Saved data entries
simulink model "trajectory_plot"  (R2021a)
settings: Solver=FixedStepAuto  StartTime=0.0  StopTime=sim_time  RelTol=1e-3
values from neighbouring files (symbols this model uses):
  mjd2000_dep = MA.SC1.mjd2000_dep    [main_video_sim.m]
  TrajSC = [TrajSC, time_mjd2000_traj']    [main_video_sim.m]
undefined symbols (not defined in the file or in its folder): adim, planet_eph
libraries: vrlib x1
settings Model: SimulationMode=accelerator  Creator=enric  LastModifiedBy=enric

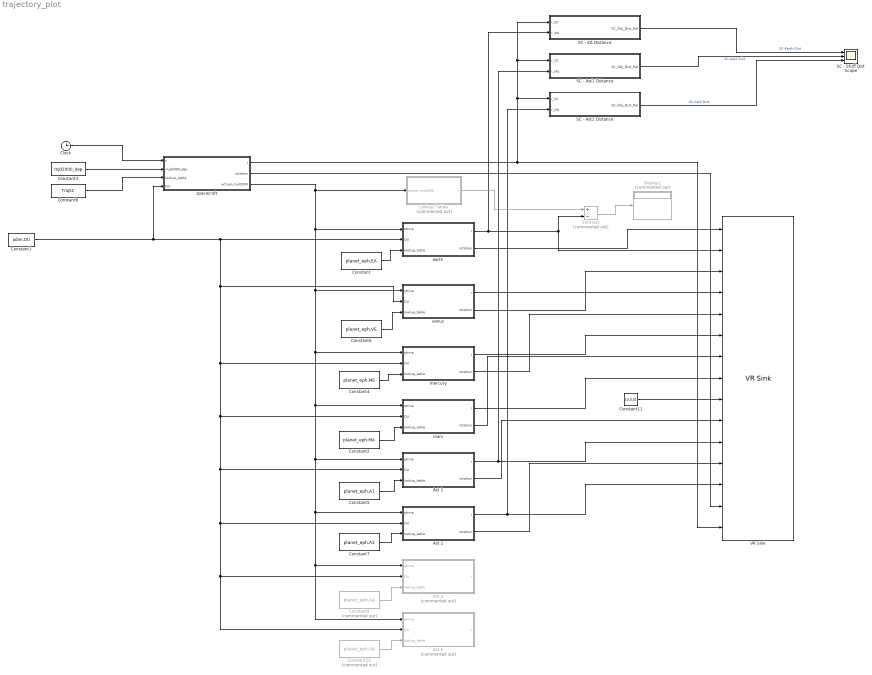
== system trajectory_plot ==
  Ast 1 : MATLAB Function  TreatAsAtomicUnit=on
  Ast 2 : MATLAB Function  TreatAsAtomicUnit=on
  Ast a : MATLAB Function  Commented=on  TreatAsAtomicUnit=on
  Ast b : MATLAB Function  Commented=on  TreatAsAtomicUnit=on
  Clock : Clock
  Constant : Constant  Value=planet_eph.EA
  Constant1 : Constant  Value=adim.DU
  Constant10 : Constant  Commented=on  Value=planet_eph.Ab
  Constant11 : Constant  Value=[0,0,5]
  Constant2 : Constant  Value=planet_eph.MA
  Constant3 : Constant  Value=mjd2000_dep
  Constant4 : Constant  Value=planet_eph.ME
  Constant5 : Constant  Value=planet_eph.A1
  Constant6 : Constant  Value=planet_eph.VE
  Constant7 : Constant  Value=planet_eph.A2
  Constant8 : Constant  Value=TrajSC
  Constant9 : Constant  Commented=on  Value=planet_eph.Aa
  Display1 : Display  Commented=on
  Lookup Tables : Subsystem  Commented=on
  SC - Ast1 Distance : MATLAB Function  TreatAsAtomicUnit=on
  SC - Ast2 Distance : MATLAB Function  TreatAsAtomicUnit=on
  SC - EA Distance : MATLAB Function  TreatAsAtomicUnit=on
  SC - Stuff Dist Scope : Scope  NumInputPorts=3
  Subtract : Sum  Commented=on  Inputs=+-
  VR Sink : vrlib/VR Sink  InstantiateOnLoad=on  SampleTime=0.1  ViewEnable=on  RemoteChange=off  RemoteView=off  FieldsWritten=Earth.rotation.4.1.1.double#Earth.translation.3.1.1.double#Venus.rotation.4.1.1.double#Venus.translation.3.1.1.double#Mercury.rotation.4.1.1.double#Mercury.translation.3.1.1.double#Mars.rotation.4.1.1.double#Mars.translation.3.1.1.double#Luigi.position.3.1.1.double#Golevka.rotation.4.1.1.double#Golevka.translation.3.1.1.double#Tautatis.rotation.4.1.1.double#Tautatis.translation.3.1.1.double#Hayabusa2.rotation.4.1.1.double#Hayabusa2.translation.3.1.1.double  WorldFileName=inner_solar_system.x3d  AutoView=on  VideoDimensions=[]  AllowVariableSize=off
  earth : MATLAB Function  TreatAsAtomicUnit=on
  mars : MATLAB Function  TreatAsAtomicUnit=on
  mercury : MATLAB Function  TreatAsAtomicUnit=on
  spacecraft : MATLAB Function  TreatAsAtomicUnit=on
  venus : MATLAB Function  TreatAsAtomicUnit=on
  wires:
  earth/1(r) -> SC - EA Distance/2(r_obj), VR Sink/2, Subtract/2
  Constant/1 -> earth/3(lookup_table)
  Constant2/1 -> mars/3(lookup_table)
  mars/1(r) -> VR Sink/8
  Constant4/1 -> mercury/3(lookup_table)
  mercury/1(r) -> VR Sink/6
  Constant1/1 -> mars/2(DU), Ast 2/2(DU), Ast b/2(DU), Ast a/2(DU), Ast 1/2(DU), mercury/2(DU), venus/2(DU), earth/2(DU), spacecraft/4(DU)
  Constant6/1 -> venus/3(lookup_table)
  venus/1(r) -> VR Sink/4
  Constant8/1 -> spacecraft/3(lookup_table)
  Clock/1 -> spacecraft/1(t)
  Constant3/1 -> spacecraft/2(mjd2000_dep)
  spacecraft/3(actual_mjd2000) -> earth/1(qtime), mars/1(qtime), Ast 1/1(qtime), Ast 2/1(qtime), Ast b/1(qtime), Ast a/1(qtime), mercury/1(qtime), venus/1(qtime), Lookup Tables/1(actual mjd2000)
  Constant5/1 -> Ast 1/3(lookup_table)
  Constant7/1 -> Ast 2/3(lookup_table)
  Constant9/1 -> Ast a/3(lookup_table)
  Constant10/1 -> Ast b/3(lookup_table)
  Ast 1/1(r) -> VR Sink/11, SC - Ast1 Distance/2(r_obj)
  Ast 2/1(r) -> SC - Ast2 Distance/2(r_obj), VR Sink/13
  spacecraft/1(r) -> VR Sink/15, SC - EA Distance/1(r_SC), SC - Ast1 Distance/1(r_SC), SC - Ast2 Distance/1(r_SC)
  Lookup Tables/1(r) -> Subtract/1
  Subtract/1 -> Display1/1
  earth/2(rotation) -> VR Sink/1
  venus/2(rotation) -> VR Sink/3
  mercury/2(rotation) -> VR Sink/5
  Ast 2/2(rotation) -> VR Sink/12
  Ast 1/2(rotation) -> VR Sink/10
  mars/2(rotation) -> VR Sink/7
  Constant11/1 -> VR Sink/9
  spacecraft/2(rotation) -> VR Sink/14
  SC - EA Distance/1(SC_Obj_Dist_Rel) -> SC - Stuff Dist Scope/1  "SC-Earth Dist"
  SC - Ast1 Distance/1(SC_Obj_Dist_Rel) -> SC - Stuff Dist Scope/2  "SC-Ast1 Dist"
  SC - Ast2 Distance/1(SC_Obj_Dist_Rel) -> SC - Stuff Dist Scope/3  "SC-Ast2 Dist"

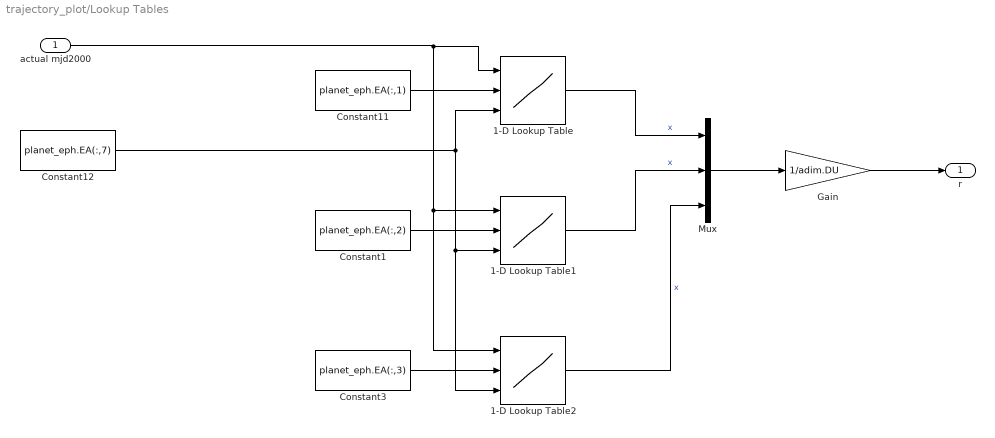
== system trajectory_plot/Lookup Tables ==
  actual mjd2000 : Inport
  1-D Lookup Table : Lookup_n-D  NumberOfTableDimensions=1  BreakpointsForDimension1Source=Input port  BreakpointsForDimension1=[7]  TableSource=Input port  Table=tanh([-5:5])  InternalRulePriority=Speed  RndMeth=Simplest  InputSameDT=on
      settings: InputPortMap=u0,p221,p5
  1-D Lookup Table1 : Lookup_n-D  NumberOfTableDimensions=1  BreakpointsForDimension1Source=Input port  BreakpointsForDimension1=[7]  TableSource=Input port  Table=tanh([-5:5])  InternalRulePriority=Speed  RndMeth=Simplest  InputSameDT=on
      settings: InputPortMap=u0,p221,p5
  1-D Lookup Table2 : Lookup_n-D  NumberOfTableDimensions=1  BreakpointsForDimension1Source=Input port  BreakpointsForDimension1=[7]  TableSource=Input port  Table=tanh([-5:5])  InternalRulePriority=Speed  RndMeth=Simplest  InputSameDT=on
      settings: InputPortMap=u0,p221,p5
  Constant1 : Constant  Value=planet_eph.EA(:,2)
  Constant11 : Constant  Value=planet_eph.EA(:,1)
  Constant12 : Constant  Value=planet_eph.EA(:,7)
  Constant3 : Constant  Value=planet_eph.EA(:,3)
  Gain : Gain  Gain=1/adim.DU
  Mux : Mux  Inputs=3
  r : Outport
  wires:
  actual mjd2000/1 -> 1-D Lookup Table2/1, 1-D Lookup Table1/1, 1-D Lookup Table/1
  Constant11/1 -> 1-D Lookup Table/2
  Gain/1 -> r/1
  Mux/1 -> Gain/1
  1-D Lookup Table/1 -> Mux/1  "x"
  Constant1/1 -> 1-D Lookup Table1/2
  Constant3/1 -> 1-D Lookup Table2/2
  Constant12/1 -> 1-D Lookup Table2/3, 1-D Lookup Table1/3, 1-D Lookup Table/3
  1-D Lookup Table1/1 -> Mux/2  "x"
  1-D Lookup Table2/1 -> Mux/3  "x"

== matlab function trajectory_plot/SC - EA Distance ==
  data: r_SC input; r_obj input; SC_Obj_Dist_Rel output
function SC_Obj_Dist_Rel = SC_Obj_dist(r_SC, r_obj)

SC_Obj_Dist_Rel = sqrt((r_SC(1) - r_obj(1))^2 + (r_SC(2) - r_obj(2))^2 +(r_SC(3) - r_obj(3))^2 );

end

== matlab function trajectory_plot/SC - Ast1 Distance ==
  data: r_SC input; r_obj input; SC_Obj_Dist_Rel output
function SC_Obj_Dist_Rel = SC_Obj_dist(r_SC, r_obj)

SC_Obj_Dist_Rel = sqrt((r_SC(1) - r_obj(1))^2 + (r_SC(2) - r_obj(2))^2 +(r_SC(3) - r_obj(3))^2 );

end

== matlab function trajectory_plot/SC - Ast2 Distance ==
  data: r_SC input; r_obj input; SC_Obj_Dist_Rel output
function SC_Obj_Dist_Rel = SC_Obj_dist(r_SC, r_obj)

SC_Obj_Dist_Rel = sqrt((r_SC(1) - r_obj(1))^2 + (r_SC(2) - r_obj(2))^2 +(r_SC(3) - r_obj(3))^2 );

end

== matlab function trajectory_plot/earth ==
  data: qtime input; DU input; lookup_table input; r output; rotation output
function [r, rotation]  = planet_eph(qtime, DU, lookup_table)

% initialise
r = zeros(3,1);
% v = zeros(3,1);

% assign
r(1:3,1) = interp1(lookup_table(:,7),lookup_table(:,1:3),qtime)/DU;
% v(1:3,1) = interp1(lookup_table(:,7),lookup_table(:,4:6),qtime)/DU*TU;

EarthDay = 23*3600+56*60; % s

w_Earth = 2*pi/EarthDay; % rad/s

tilt_axis = deg2rad(23.4); % rad
rotation = [sin(tilt_axis);sin(tilt_axis);cos(tilt_axis); w_Earth]; % direction 3 componets, magnitude

end

== matlab function trajectory_plot/mars ==
  data: qtime input; DU input; lookup_table input; r output; rotation output
function [r, rotation]  = planet_eph(qtime, DU, lookup_table)

% initialise
r = zeros(3,1);
% v = zeros(3,1);

% assign
r(1:3,1) = interp1(lookup_table(:,7),lookup_table(:,1:3),qtime)/DU;
% v(1:3,1) = interp1(lookup_table(:,7),lookup_table(:,4:6),qtime)/DU*TU;

MarsDay = 24*3600+39*60; % s

w_Mars = 2*pi/MarsDay; % rad/s

tilt_axis = deg2rad(25); % rad
rotation = [sin(tilt_axis);sin(tilt_axis);cos(tilt_axis); w_Mars]; % direction 3 componets, magnitude

end

== matlab function trajectory_plot/mercury ==
  data: qtime input; DU input; lookup_table input; r output; rotation output
function [r, rotation]  = planet_eph(qtime, DU, lookup_table)

% initialise
r = zeros(3,1);
% v = zeros(3,1);

% assign
r(1:3,1) = interp1(lookup_table(:,7),lookup_table(:,1:3),qtime)/DU;
% v(1:3,1) = interp1(lookup_table(:,7),lookup_table(:,4:6),qtime)/DU*TU;

MercuryDay = 58*24*3600+15*3600+30*60+30; % s

w_Mercury = 2*pi/MercuryDay; % rad/s

tilt_axis = 0; % rad
rotation = [sin(tilt_axis);sin(tilt_axis);cos(tilt_axis); w_Mercury]; % direction 3 componets, magnitude

end

== matlab function trajectory_plot/venus ==
  data: qtime input; DU input; lookup_table input; r output; rotation output
function [r, rotation]  = planet_eph(qtime, DU, lookup_table)

% initialise
r = zeros(3,1);
% v = zeros(3,1);

% assign
r(1:3,1) = interp1(lookup_table(:,7),lookup_table(:,1:3),qtime)/DU;
% v(1:3,1) = interp1(lookup_table(:,7),lookup_table(:,4:6),qtime)/DU*TU;

VenusDay = 243*24*3600+26*60; % s

w_Venus = 2*pi/VenusDay; % rad/s

tilt_axis = deg2rad(177); % rad
rotation = [sin(tilt_axis);sin(tilt_axis);cos(tilt_axis); w_Venus]; % direction 3 componets, magnitude

end

== matlab function trajectory_plot/spacecraft ==
  data: t input; mjd2000_dep input; lookup_table input; DU input; r output; rotation output; actual_mjd2000 output
function [r, rotation, actual_mjd2000]  = sc_trajectory(t, mjd2000_dep, lookup_table, DU)

% t [days]
actual_mjd2000 = mjd2000_dep + t;

% initialise
r = zeros(3,1);
% v = zeros(3,1);

% assign
r(1:3,1) = interp1(lookup_table(:,4),lookup_table(:,1:3),actual_mjd2000)/DU;
% v(1:3,1) = interp1(lookup_table(:,7),lookup_table(:,4:6),qtime)/DU*TU;

SC_period = 23*3600+56*60; % s

w_SC = 2*pi/SC_period; % rad/s

tilt_axis = deg2rad(0); % rad
rotation = [sin(tilt_axis);sin(tilt_axis);cos(tilt_axis); w_SC]; % direction 3 componets, magnitude

end

== matlab function trajectory_plot/Ast 1 ==
  data: qtime input; DU input; lookup_table input; r output; rotation output
function [r, rotation]  = planet_eph(qtime, DU, lookup_table)

% initialise
r = zeros(3,1);
% v = zeros(3,1);

% assign
r(1:3,1) = interp1(lookup_table(:,7),lookup_table(:,1:3),qtime)/DU;
% v(1:3,1) = interp1(lookup_table(:,7),lookup_table(:,4:6),qtime)/DU*TU;

Ast1Day = 24*3600; % s --------- set

w_Ast1 = 2*pi/Ast1Day; % rad/s

tilt_axis = deg2rad(0); % rad ---------- set
rotation = [sin(tilt_axis);sin(tilt_axis);cos(tilt_axis); w_Ast1]; % direction 3 componets, magnitude

end

== matlab function trajectory_plot/Ast 2 ==
  data: qtime input; DU input; lookup_table input; r output; rotation output
function [r, rotation]  = planet_eph(qtime, DU, lookup_table)

% initialise
r = zeros(3,1);
% v = zeros(3,1);

% assign
r(1:3,1) = interp1(lookup_table(:,7),lookup_table(:,1:3),qtime)/DU;
% v(1:3,1) = interp1(lookup_table(:,7),lookup_table(:,4:6),qtime)/DU*TU;

Ast2Day = 24*3600; % s --------- set

w_Ast2 = 2*pi/Ast2Day; % rad/s

tilt_axis = deg2rad(0); % rad ---------- set
rotation = [sin(tilt_axis);sin(tilt_axis);cos(tilt_axis); w_Ast2]; % direction 3 componets, magnitude

end

== matlab function trajectory_plot/Ast a ==
  data: qtime input; DU input; lookup_table input; r output
function r  = planet_eph(qtime, DU, lookup_table)

% initialise
r = zeros(3,1);
% v = zeros(3,1);

% assign
r(1:3,1) = interp1(lookup_table(:,7),lookup_table(:,1:3),qtime)/DU;
% v(1:3,1) = interp1(lookup_table(:,7),lookup_table(:,4:6),qtime)/DU*TU;

end

== matlab function trajectory_plot/Ast b ==
  data: qtime input; DU input; lookup_table input; r output
function r  = planet_eph(qtime, DU, lookup_table)

% initialise
r = zeros(3,1);
% v = zeros(3,1);

% assign
r(1:3,1) = interp1(lookup_table(:,7),lookup_table(:,1:3),qtime)/DU;
% v(1:3,1) = interp1(lookup_table(:,7),lookup_table(:,4:6),qtime)/DU*TU;

end

- **Instructions to follow**
For every line in the data above that has the string "Scope", return that line.

- **Completed exercise**
  SC - Stuff Dist Scope : Scope  NumInputPorts=3
  SC - EA Distance/1(SC_Obj_Dist_Rel) -> SC - Stuff Dist Scope/1  "SC-Earth Dist"
  SC - Ast1 Distance/1(SC_Obj_Dist_Rel) -> SC - Stuff Dist Scope/2  "SC-Ast1 Dist"
  SC - Ast2 Distance/1(SC_Obj_Dist_Rel) -> SC - Stuff Dist Scope/3  "SC-Ast2 Dist"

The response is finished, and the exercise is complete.